Graphical abstract of Wang et al., 2020, Immunity 52, 1–14
Fever also called as pyrexia, is a pathophysiological response to infections, autoimmune diseases or cancer. It is an evolutionary conserved process that protects from infection through inhibiting pathogen growth and boosting protective immunity. Fever activates the innate immune system, by stimulating the release of neutrophils into the periphery, production of cytokines and nitric oxide from macrophages and/or dendritic cells, promotion of leukocyte trafficking, and enhancement of their phagocytic, bacteriolytic, cytolytic or antigen presentation functions. The regulation of innate immunity in fever suggests its immuno-modulatory function. However, its role in differentiation of T cells associated with inflammatory diseases is elusive.
Researchers led by Prof Chen Dong from Tsinghua University (Beijing, China) have demonstrated that increased body temperature critically regulates the differentiation and pathogenicity of Th17, a subset of T cells which have been associated with inflammation and exacerbation of inflammatory diseases*. Compared to the other T cell subsets i.e Th1, Th2 and Treg cells, febrile temperature (39.50C) selectively enhanced the differentiation of Th17 cells in HSP70 and HSP90 dependent manner. As studied by gene expression analysis (RNA seq), Th17 cells cultured at 39.50C showed increased expression of genes associated with pathogenic phenotype and supported enhanced neutrophil infiltration to the lungs in an acute lung inflammation model. The authors have shown that the transcription factor SMAD4 is indispensable for the febrile-temperature mediated Th17 cell differentiation in vivo and its deficiency reduced the symptoms associated with experimental autoimmune encephalomyelitis. The SMAD4 specifically undergo enhanced SUMOylation at febrile temperature in Th17 cells and facilitate its nuclear translocation. Whole genome sequence analysis of wild type (Smad4fl/fl) and Smad4∆CD4 (Smad4fl/flCd4Cre) Th17 cells showed that Smad4 regulate the genes critical for the differentiation and effector function of Th17 cells, such as Il17a, Il17f, Il21, Il1r1, Il23r, Tbx21, Nfatc1, Nr4a2 etc. Further the genome-wide SMAD4 ChIP-seq assay showed that SMAD4 regulates Th17 differentiation at febrile temperatures, likely through direct binding to the target gene loci.

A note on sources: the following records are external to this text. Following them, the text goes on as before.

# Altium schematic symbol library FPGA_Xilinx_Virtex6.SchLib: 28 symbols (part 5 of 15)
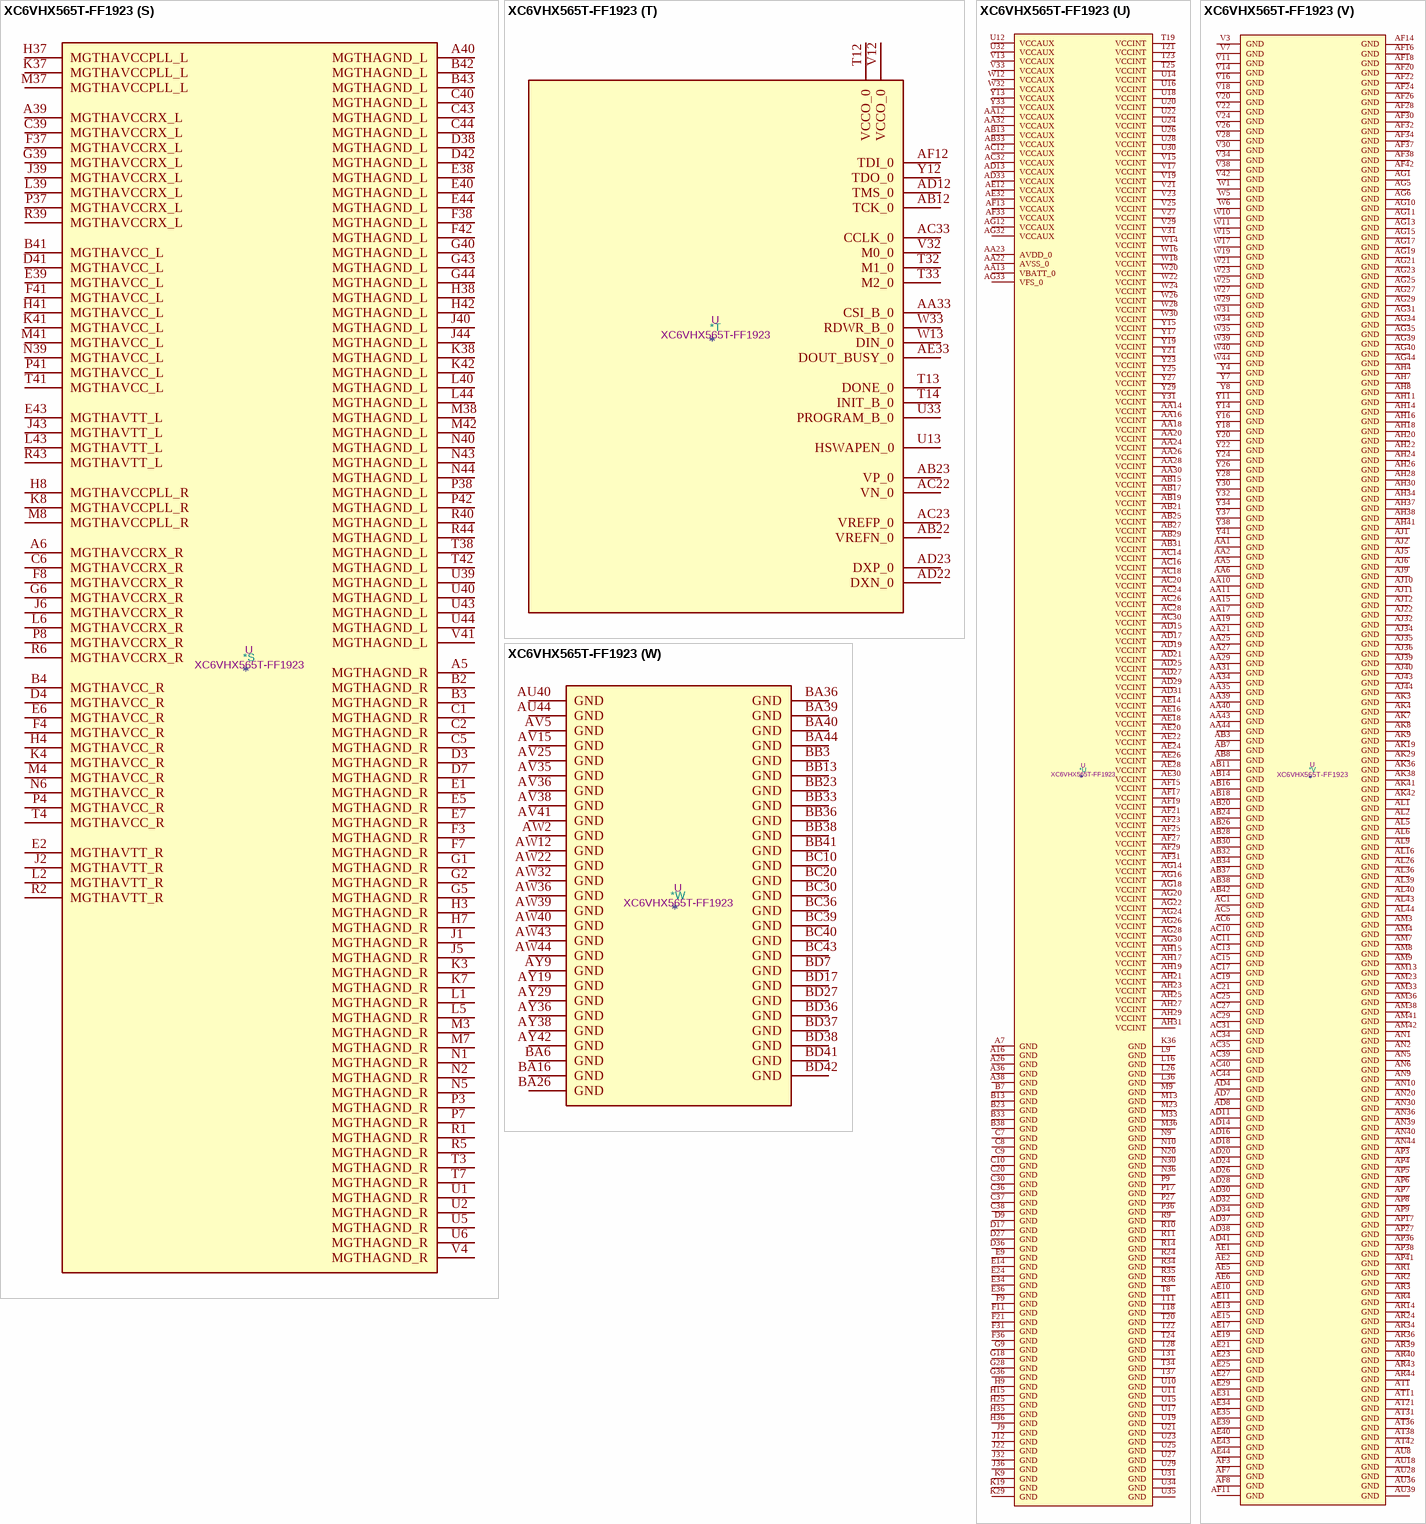
[diagram p105: symbol XC6VHX565T-FF1923]

## XC6VHX565T-FF1923
designator *  value XC6VHX565T-FF1923  Reference: U
ki_keywords: FPGA; ki_description: Virtex 6 HXT 565 XC6VHX565T-FF1923
part A pins: AJ23 IO_L3P_21, AK22 IO_L6P_21, AK23 IO_L3N_21, AK24 VCCO_21, AL22 IO_L9P_MRCC_21, AL23 IO_L6N_21, AL24 IO_L15P_21, AL25 IO_L13P_21, AM22 IO_L9N_MRCC_21, AM24 IO_L15N_21, AM25 IO_L13N_21, AM26 IO_L1P_21, AN22 IO_L18N_20, AN23 IO_L18P_20, AN24 IO_L18P_21, AN25 VCCO_21, AN26 IO_L1N_21, AP22 VCCO_20, AP23 IO_L15P_20, AP24 IO_L18N_21, AP25 IO_L12P_VRN_21, AP26 IO_L8P_SRCC_21, AR21 IO_L9N_MRCC_20, AR22 IO_L9P_MRCC_20, AR23 IO_L15N_20, AR25 IO_L12N_VRP_21, AR26 IO_L8N_SRCC_21, AT20 IO_L12P_VRN_20, AT22 IO_L3N_20, AT23 IO_L3P_20, AT24 IO_L17P_21, AT25 IO_L0P_21, AT26 VCCO_21, AU20 IO_L12N_VRP_20, AU21 IO_L19P_20, AU22 IO_L6P_20, AU23 VCCO_20, AU24 IO_L17N_21, AU25 IO_L0N_21, AU26 IO_L5P_21, AV19 IO_L7P_20, AV20 VCCO_20, AV21 IO_L19N_20, AV22 IO_L6N_20, AV23 IO_L16P_20, AV24 IO_L10P_MRCC_21, AV26 IO_L5N_21, AW19 IO_L7N_20, AW20 IO_L13P_20, AW21 IO_L17P_20, AW23 IO_L16N_20, AW24 IO_L10N_MRCC_21, AW25 IO_L7P_21, AW26 IO_L2P_21, AY20 IO_L13N_20, AY21 IO_L17N_20, AY22 IO_L10P_MRCC_20, AY23 IO_L14P_20, AY24 VCCO_21, AY25 IO_L7N_21, AY26 IO_L2N_21, BA19 IO_L5P_20, BA20 IO_L11P_SRCC_20, BA21 VCCO_20, BA22 IO_L10N_MRCC_20, BA23 IO_L14N_VREF_20, BA24 IO_L19P_21, BA25 IO_L4P_21, BB19 IO_L5N_20, BB20 IO_L11N_SRCC_20, BB21 IO_L2P_20, BB22 IO_L8P_SRCC_20, BB24 IO_L19N_21, BB25 IO_L4N_VREF_21, BB26 IO_L11P_SRCC_21, BC19 IO_L1P_20, BC21 IO_L2N_20, BC22 IO_L8N_SRCC_20, BC23 IO_L4P_20, BC24 IO_L16P_21, BC25 VCCO_21, BC26 IO_L11N_SRCC_21, BD19 IO_L1N_20, BD20 IO_L0N_20, BD21 IO_L0P_20, BD22 VCCO_20, BD23 IO_L4N_VREF_20, BD24 IO_L16N_21, BD25 IO_L14P_21, BD26 IO_L14N_VREF_21
part B pins: AJ24 IO_L18P_22, AJ25 IO_L12P_VRN_22, AJ26 IO_L9P_MRCC_22, AJ27 VCCO_22, AJ28 IO_L3P_22, AJ29 IO_L9P_MRCC_23, AJ30 IO_L3P_23, AJ31 IO_L3N_23, AK25 IO_L18N_22, AK26 IO_L12N_VRP_22, AK27 IO_L9N_MRCC_22, AK28 IO_L3N_22, AK30 IO_L9N_MRCC_23, AK31 IO_L6P_23, AL27 IO_L6P_22, AL28 IO_L6N_22, AL29 IO_L18P_23, AL30 IO_L15P_23, AL31 VCCO_23, AL32 IO_L6N_23, AM27 IO_L15P_22, AM28 VCCO_22, AM29 IO_L18N_23, AM30 IO_L15N_23, AM31 IO_L12P_VRN_23, AM32 IO_L12N_VRP_23, AN27 IO_L15N_22, AN28 IO_L1P_22, AN29 IO_L0P_22, AN31 IO_L0P_23, AN32 IO_L0N_23, AP28 IO_L1N_22, AP29 IO_L0N_22, AP30 IO_L5P_23, AP31 IO_L1P_23, AP32 VCCO_23, AR27 IO_L7P_22, AR28 IO_L4P_22, AR29 VCCO_22, AR30 IO_L5N_23, AR31 IO_L7P_23, AR32 IO_L1N_23, AT27 IO_L7N_22, AT28 IO_L4N_VREF_22, AT29 IO_L5P_22, AT30 IO_L4P_23, AT32 IO_L7N_23, AU27 IO_L10P_MRCC_22, AU29 IO_L5N_22, AU30 IO_L4N_VREF_23, AU31 IO_L11P_SRCC_23, AU32 IO_L2P_23, AV27 IO_L10N_MRCC_22, AV28 IO_L11P_SRCC_22, AV29 IO_L2P_22, AV30 VCCO_23, AV31 IO_L11N_SRCC_23, AV32 IO_L2N_23, AW27 VCCO_22, AW28 IO_L11N_SRCC_22, AW29 IO_L2N_22, AW30 IO_L17P_23, AW31 IO_L8P_SRCC_23, AY27 IO_L17P_22, AY28 IO_L8P_SRCC_22, AY30 IO_L17N_23, AY31 IO_L8N_SRCC_23, AY32 IO_L13P_23, BA27 IO_L17N_22, BA28 IO_L8N_SRCC_22, BA29 IO_L13P_22, BA30 IO_L10P_MRCC_23, BA31 VCCO_23, BA32 IO_L13N_23, BB27 IO_L16P_22, BB28 VCCO_22, BB29 IO_L13N_22, BB30 IO_L10N_MRCC_23, BB31 IO_L19P_23, BB32 IO_L14P_23, BC27 IO_L16N_22, BC28 IO_L19P_22, BC29 IO_L14P_22, BC31 IO_L19N_23, BC32 IO_L14N_VREF_23, BD28 IO_L19N_22, BD29 IO_L14N_VREF_22, BD30 IO_L16P_23, BD31 IO_L16N_23, BD32 VCCO_23
part C pins: A34 IO_L0P_25, A35 IO_L0N_25, A37 IO_L2N_SM8N_25, AH32 IO_L3P_D13_24, AH33 IO_L3N_D12_24, AJ33 IO_L6P_D7_24, AK32 IO_L18P_24, AK33 IO_L6N_D6_24, AK34 VCCO_24, AK35 IO_L9P_MRCC_24, AL33 IO_L18N_24, AL34 IO_L12P_D3_24, AL35 IO_L9N_MRCC_24, AM34 IO_L15P_FWE_B_24, AM35 IO_L12N_D2_FS2_24, AN33 IO_L0P_GC_24, AN34 IO_L15N_RS1_24, AN35 VCCO_24, AP33 IO_L1P_GC_24, AP34 IO_L0N_GC_24, AP35 IO_L2P_D15_24, AR33 IO_L1N_GC_24, AR35 IO_L2N_D14_24, AT33 IO_L5P_D9_24, AT34 IO_L5N_D8_24, AT35 IO_L4P_D11_24, AU33 VCCO_24, AU34 IO_L7P_D5_24, AU35 IO_L4N_VREF_D10_24, AV33 IO_L8P_SRCC_24, AV34 IO_L7N_D4_24, AW33 IO_L10P_MRCC_24, AW34 IO_L8N_SRCC_24, AW35 IO_L11P_SRCC_24, AY33 IO_L10N_MRCC_24, AY34 VCCO_24, AY35 IO_L11N_SRCC_24, B34 IO_L7N_SM12N_25, B35 IO_L1P_25, B36 IO_L1N_25, B37 IO_L2P_SM8P_25, BA33 IO_L17P_VRN_24, BA34 IO_L17N_VRP_24, BA35 IO_L13P_D1_FS1_24, BB34 IO_L14P_FCS_B_24, BB35 IO_L13N_D0_FS0_24, BC33 IO_L19P_24, BC34 IO_L14N_VREF_FOE_B_MOSI_24, BC35 VCCO_24, BD33 IO_L19N_24, BD34 IO_L16P_RS0_24, BD35 IO_L16N_CSO_B_24, C34 IO_L7P_SM12P_25, C35 VCCO_25, D33 IO_L8P_SRCC_25, D34 IO_L8N_SRCC_25, D35 IO_L5N_SM10N_25, E33 IO_L13N_SM14N_25, E35 IO_L5P_SM10P_25, F33 IO_L13P_SM14P_25, F34 IO_L14N_VREF_25, F35 IO_L11N_SRCC_25, G33 VCCO_25, G34 IO_L14P_25, G35 IO_L11P_SRCC_25, H33 IO_L19N_GC_25, H34 IO_L17N_25, J33 IO_L19P_GC_25, J34 IO_L17P_25, J35 IO_L6N_SM11N_25, K33 IO_L3N_SM9N_25, K34 VCCO_25, K35 IO_L6P_SM11P_25, L33 IO_L3P_SM9P_25, L34 IO_L16N_VRP_25, L35 IO_L10N_MRCC_25, M34 IO_L16P_VRN_25, M35 IO_L10P_MRCC_25, N32 IO_L12N_SM13N_25, N33 IO_L9P_MRCC_25, N34 IO_L9N_MRCC_25, N35 VCCO_25, P31 IO_L12P_SM13P_25, P32 VCCO_25, P33 IO_L15N_SM15N_25, P34 IO_L4P_25, P35 IO_L4N_VREF_25, R31 IO_L18P_GC_25, R32 IO_L18N_GC_25, R33 IO_L15P_SM15P_25
part D pins: A27 IO_L0N_27, A28 IO_L1P_27, A29 IO_L1N_27, A30 IO_L1N_26, A31 VCCO_26, A32 IO_L0N_26, A33 IO_L5N_26, B27 IO_L0P_27, B28 VCCO_27, B29 IO_L5N_27, B30 IO_L1P_26, B31 IO_L0P_26, B32 IO_L5P_26, C27 IO_L2P_27, C28 IO_L2N_27, C29 IO_L5P_27, C31 IO_L7N_26, C32 IO_L2P_26, C33 IO_L2N_26, D28 IO_L8P_SRCC_27, D29 IO_L8N_SRCC_27, D30 IO_L4N_VREF_26, D31 IO_L7P_26, D32 VCCO_26, E27 IO_L4N_VREF_27, E28 IO_L7N_27, E29 VCCO_27, E30 IO_L4P_26, E31 IO_L11P_SRCC_26, E32 IO_L11N_SRCC_26, F27 IO_L4P_27, F28 IO_L7P_27, F29 IO_L10N_MRCC_27, F30 IO_L13N_26, F32 IO_L8N_SRCC_26, G27 IO_L11N_SRCC_27, G29 IO_L10P_MRCC_27, G30 IO_L13P_26, G31 IO_L8P_SRCC_26, G32 IO_L17N_26, H27 IO_L11P_SRCC_27, H28 IO_L17P_27, H29 IO_L17N_27, H30 VCCO_26, H31 IO_L17P_26, H32 IO_L10N_MRCC_26, J27 VCCO_27, J28 IO_L19P_27, J29 IO_L19N_27, J30 IO_L19N_26, J31 IO_L10P_MRCC_26, K26 IO_L13P_27, K27 IO_L13N_27, K28 IO_L14N_VREF_27, K30 IO_L19P_26, K31 IO_L14N_VREF_26, K32 IO_L16N_26, L27 IO_L14P_27, L28 IO_L16P_27, L29 IO_L16N_27, L30 IO_L14P_26, L31 VCCO_26, L32 IO_L16P_26, M26 IO_L3N_27, M27 IO_L6N_27, M28 VCCO_27, M29 IO_L6N_26, M30 IO_L3P_26, M31 IO_L3N_26, M32 IO_L12N_VRP_26, N26 IO_L3P_27, N27 IO_L6P_27, N28 IO_L15N_27, N29 IO_L6P_26, N31 IO_L12P_VRN_26, P25 IO_L9N_MRCC_27, P26 IO_L12N_VRP_27, P28 IO_L15P_27, P29 IO_L9N_MRCC_26, P30 IO_L15N_26, R25 IO_L9P_MRCC_27, R26 IO_L12P_VRN_27, R27 IO_L18N_27, R28 IO_L9P_MRCC_26, R29 VCCO_26, R30 IO_L15P_26, T26 VCCO_27, T27 IO_L18P_27, T29 IO_L18P_26, T30 IO_L18N_26
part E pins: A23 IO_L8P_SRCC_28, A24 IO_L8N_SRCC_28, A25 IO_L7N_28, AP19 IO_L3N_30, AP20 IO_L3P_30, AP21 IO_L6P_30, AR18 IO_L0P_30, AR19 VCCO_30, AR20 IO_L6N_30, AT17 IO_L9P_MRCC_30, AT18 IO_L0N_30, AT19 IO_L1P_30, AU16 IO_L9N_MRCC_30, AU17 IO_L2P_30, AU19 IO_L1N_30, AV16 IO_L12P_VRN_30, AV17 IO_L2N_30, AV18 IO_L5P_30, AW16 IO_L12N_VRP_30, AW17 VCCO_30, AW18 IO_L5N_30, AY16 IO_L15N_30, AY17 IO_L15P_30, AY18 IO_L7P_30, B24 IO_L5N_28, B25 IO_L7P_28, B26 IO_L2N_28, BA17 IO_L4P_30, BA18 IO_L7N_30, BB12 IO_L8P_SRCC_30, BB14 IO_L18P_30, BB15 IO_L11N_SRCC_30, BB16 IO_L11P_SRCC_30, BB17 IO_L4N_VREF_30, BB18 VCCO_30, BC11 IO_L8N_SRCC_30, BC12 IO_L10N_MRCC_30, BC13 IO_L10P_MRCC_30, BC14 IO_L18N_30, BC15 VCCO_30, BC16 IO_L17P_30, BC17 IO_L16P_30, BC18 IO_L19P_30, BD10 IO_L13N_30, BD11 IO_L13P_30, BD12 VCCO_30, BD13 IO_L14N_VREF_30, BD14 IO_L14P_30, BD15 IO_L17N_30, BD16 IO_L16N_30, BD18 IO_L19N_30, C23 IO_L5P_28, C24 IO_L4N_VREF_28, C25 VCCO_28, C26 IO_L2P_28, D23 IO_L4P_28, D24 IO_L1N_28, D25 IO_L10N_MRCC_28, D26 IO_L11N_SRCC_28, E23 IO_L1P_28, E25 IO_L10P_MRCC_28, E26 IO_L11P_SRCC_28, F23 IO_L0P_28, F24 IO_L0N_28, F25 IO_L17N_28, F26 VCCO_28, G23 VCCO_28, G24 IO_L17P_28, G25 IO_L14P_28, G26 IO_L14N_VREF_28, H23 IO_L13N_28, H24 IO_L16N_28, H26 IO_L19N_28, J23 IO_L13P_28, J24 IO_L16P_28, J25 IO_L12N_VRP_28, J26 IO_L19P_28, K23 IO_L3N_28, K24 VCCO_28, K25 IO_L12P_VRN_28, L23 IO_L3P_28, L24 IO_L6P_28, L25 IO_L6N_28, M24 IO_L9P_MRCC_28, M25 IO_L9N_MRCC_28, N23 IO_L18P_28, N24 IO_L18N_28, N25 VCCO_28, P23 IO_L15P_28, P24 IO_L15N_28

The present study has demonstrated that Th17 cells generated under increased temperature are more pro-inflammatory and unravelled that SMAD4 is indispensable for Th17 differentiation under the control of environmental cytokines and higher temperatures. In summary, this study has provided the insights into the contribution of fever in the immune-regulation during disease settings where fever is a common physiological response.
Journal article: Wang et al., 2020. Febrile temperature critically controls the differentiation and pathogenicity of T helper 17 Cells. Immunity 52, 1–14.
Article by Rushikesh Patil
Note: * Th17 cells have also been associated with protective immune responses during bacterial and fungal infections.